14 Without going through each of the subpoenaed individuals, I can say in each case I took into account the terms of the subpoena and counsel's submissions as to its purpose. In each case I came to the conclusion the requirement that those subpoenaed produce documents was oppressive and an abuse of process and to that extent the subpoenas should be set aside.
15 Having said that I could see no objection to the plaintiff subpoenaing the 18 individuals concerned. True it is no witness statements have been produced for any of these individuals, nor is it clear to what issue their evidence will be addressed. But I am not in a position to say a subpoena requiring their attendance would serve no legitimate forensic purpose and ought be set aside. Of course whether any or all of these witnesses give evidence is a matter for the plaintiff's counsel and ultimately the trial judge. But I would allow the subpoenas to stand insofar as they require the attendance of the recipients at the trial.

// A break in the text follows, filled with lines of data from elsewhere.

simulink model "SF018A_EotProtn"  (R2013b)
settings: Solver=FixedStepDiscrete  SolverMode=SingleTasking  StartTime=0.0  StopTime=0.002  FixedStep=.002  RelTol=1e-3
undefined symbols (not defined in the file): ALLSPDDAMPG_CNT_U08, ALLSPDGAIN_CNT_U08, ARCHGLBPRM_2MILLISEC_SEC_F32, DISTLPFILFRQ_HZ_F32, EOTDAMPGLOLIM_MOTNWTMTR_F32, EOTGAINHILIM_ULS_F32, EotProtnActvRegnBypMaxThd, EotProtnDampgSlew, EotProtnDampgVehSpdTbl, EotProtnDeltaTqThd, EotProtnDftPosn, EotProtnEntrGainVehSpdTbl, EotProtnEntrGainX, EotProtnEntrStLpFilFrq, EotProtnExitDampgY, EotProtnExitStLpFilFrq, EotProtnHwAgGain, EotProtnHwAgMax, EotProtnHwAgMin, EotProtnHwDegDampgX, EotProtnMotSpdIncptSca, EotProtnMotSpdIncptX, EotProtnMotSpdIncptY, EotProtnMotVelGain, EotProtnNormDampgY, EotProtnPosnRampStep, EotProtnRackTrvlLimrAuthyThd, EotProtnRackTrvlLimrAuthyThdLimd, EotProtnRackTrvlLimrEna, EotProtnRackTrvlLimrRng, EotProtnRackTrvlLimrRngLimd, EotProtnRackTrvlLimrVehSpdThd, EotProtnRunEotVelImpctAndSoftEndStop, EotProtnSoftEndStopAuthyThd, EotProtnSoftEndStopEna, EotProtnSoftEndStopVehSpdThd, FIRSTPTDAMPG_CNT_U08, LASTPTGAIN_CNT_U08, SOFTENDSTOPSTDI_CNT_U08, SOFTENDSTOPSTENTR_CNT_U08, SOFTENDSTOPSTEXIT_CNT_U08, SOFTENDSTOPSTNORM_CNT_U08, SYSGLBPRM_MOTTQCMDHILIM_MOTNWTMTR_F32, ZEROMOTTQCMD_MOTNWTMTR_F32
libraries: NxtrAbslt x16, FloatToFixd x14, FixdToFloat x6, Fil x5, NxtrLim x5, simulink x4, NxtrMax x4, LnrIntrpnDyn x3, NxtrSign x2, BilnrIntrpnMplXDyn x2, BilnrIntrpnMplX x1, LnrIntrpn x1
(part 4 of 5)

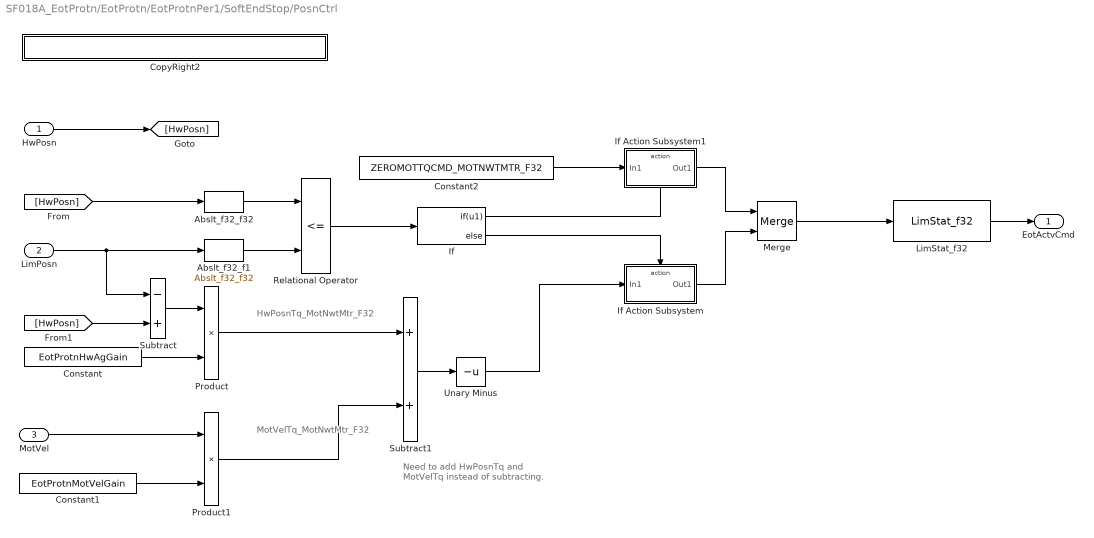
== system SF018A_EotProtn/EotProtn/EotProtnPer1/SoftEndStop/PosnCtrl ==
  note: Need to add HwPosnTq and
      | MotVelTq instead of subtracting.
  note: HwPosnTq_MotNwtMtr_F32
  note: MotVelTq_MotNwtMtr_F32
  HwPosn : Inport
  LimPosn : Inport  Port=2
  MotVel : Inport  Port=3
  Abslt_f32_f1 : NxtrAbslt/Abslt_f32_f32  SFunctionSpec=single y1 = Abslt_f32_f32(single u1)
      settings: AttributesFormatString=%<Name>
  Abslt_f32_f32 : NxtrAbslt/Abslt_f32_f32  SFunctionSpec=single y1 = Abslt_f32_f32(single u1)
      settings: AttributesFormatString=%<Name>
  Constant : Constant  Value=EotProtnHwAgGain
  Constant1 : Constant  Value=EotProtnMotVelGain
  Constant2 : Constant  RequirementInfo={'linktype_rmi_doors' '0000ba56 (/E-STEER Core/SubSystem Specifications/Application Functions/SF018A End-of-Travel Actuator Management- EOT Impact and Soft Stops)' '#SF018A_118' 'true' 'REQ: SF018A_118' '' } %GIDa_3d57071b_fdcd_4c59_a01b_b9a326557455  Value=ZEROMOTTQCMD_MOTNWTMTR_F32
  CopyRight2 : Subsystem  Description=|  mask(Copyright Information){none=on}
      | Copyright info block.                                               
      |                                                                     
      | Place copyright information at the top of every subsystem in design.
      mask prompts: none "No parameters"
      mask help: Place copyright information at the top of every subsystem in design.
      mask Display:
      | NxtrConf = 'Nexteer Confidential';
      | 
      | sys = bdroot; %handle for the current model ("system")
      | first = get_param(sys,'Created');
      | if(isempty(first))
      |     first = datestr(now,'yyyy');
      | else
      |     first = first(end-3:end);  %year is last four digits
      | end
      | 
      | last = get_param(sys,'LastModifiedDate');
      | if isempty(last)
      |     last = datestr(now,'yyyy');
      | else
      |     last = last(end-3:end);
      | end
      | 
      | if strcmp(first,last)
      |     fprintf('%s -- Copyright %s Nexteer',NxtrConf,first)
      | else
      |     fprintf('%s -- %s%s- %s Nexteer',NxtrConf,char(169),first,last)
      | end
  If : If  RequirementInfo={'linktype_rmi_doors' '0000ba56 (/E-STEER Core/SubSystem Specifications/Application Functions/SF018A End-of-Travel Actuator Management- EOT Impact and Soft Stops)' '#SF018A_118' 'true' 'REQ: SF018A_118' '' } %GIDa_eb767372_f633_4e49_a326_b612579dcde1  IfExpression=u1
  If Action Subsystem : Subsystem  RequirementInfo={'linktype_rmi_doors' '0000ba56 (/E-STEER Core/SubSystem Specifications/Application Functions/SF018A End-of-Travel Actuator Management- EOT Impact and Soft Stops)' '#SF018A_118' 'true' 'REQ: SF018A_118' '' } %GIDa_35741698_416e_4048_a750_0a2756a8727b  TreatAsAtomicUnit=on
  If Action Subsystem1 : Subsystem  RequirementInfo={'linktype_rmi_doors' '0000ba56 (/E-STEER Core/SubSystem Specifications/Application Functions/SF018A End-of-Travel Actuator Management- EOT Impact and Soft Stops)' '#SF018A_118' 'true' 'REQ: SF018A_118' '' } %GIDa_3f03eff5_f878_4981_ae49_8a66d8cca778  TreatAsAtomicUnit=on
  LimStat_f32 : NxtrLim/LimStat_f32  RequirementInfo={'linktype_rmi_doors' '0000ba56 (/E-STEER Core/SubSystem Specifications/Application Functions/SF018A End-of-Travel Actuator Management- EOT Impact and Soft Stops)' '#SF018A_115' 'true' 'REQ: SF018A_115' '' } %GIDa_f450d0e0_b743_4f7d_a6bc_c122e939de08  LoLim=SYSGLBPRM_MOTTQCMDLOLIM_MOTNWTMTR_F32  HiLim=SYSGLBPRM_MOTTQCMDHILIM_MOTNWTMTR_F32
      settings: AttributesFormatString=|
      | Low Limit: %<LoLim>
      | High Limit:%<HiLim>
  Merge : Merge  RequirementInfo={'linktype_rmi_doors' '0000ba56 (/E-STEER Core/SubSystem Specifications/Application Functions/SF018A End-of-Travel Actuator Management- EOT Impact and Soft Stops)' '#SF018A_118' 'true' 'REQ: SF018A_118' '' } %GIDa_35b0fcf4_10cf_4d00_afb1_7de2ceba647a
  Product : Product  RequirementInfo={'linktype_rmi_doors' '0000ba56 (/E-STEER Core/SubSystem Specifications/Application Functions/SF018A End-of-Travel Actuator Management- EOT Impact and Soft Stops)' '#SF018A_115' 'true' 'REQ: SF018A_115' '' } %GIDa_75e8deb4_4dc3_4dee_b8fd_971ee3dd6133
  Product1 : Product  RequirementInfo={'linktype_rmi_doors' '0000ba56 (/E-STEER Core/SubSystem Specifications/Application Functions/SF018A End-of-Travel Actuator Management- EOT Impact and Soft Stops)' '#SF018A_115' 'true' 'REQ: SF018A_115' '' } %GIDa_7846ba9c_06f8_474a_b2f4_81c28a29a3d7
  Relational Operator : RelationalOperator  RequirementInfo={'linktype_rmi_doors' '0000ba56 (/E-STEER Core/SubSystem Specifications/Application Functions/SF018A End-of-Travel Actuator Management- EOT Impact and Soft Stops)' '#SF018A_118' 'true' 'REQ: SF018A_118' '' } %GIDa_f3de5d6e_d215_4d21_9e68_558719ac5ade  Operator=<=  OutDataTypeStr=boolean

16 This matter has been bedevilled by a belief on behalf of the plaintiff that certain documents exist and are being actively hidden by the defendant and its solicitors. Short of actually picking up the defendant - and I mean this literally not metaphorically - and shaking it to see what further documents emerge, it is clear the plaintiff will not be content. But the issue of production of documents has gone on long enough. It now comes to an end. The best thing to do is move this matter to trial without further delay.
17 For these reasons I granted, in part, the orders sought by the defendant. Costs of the application will be reserved to the trial judge.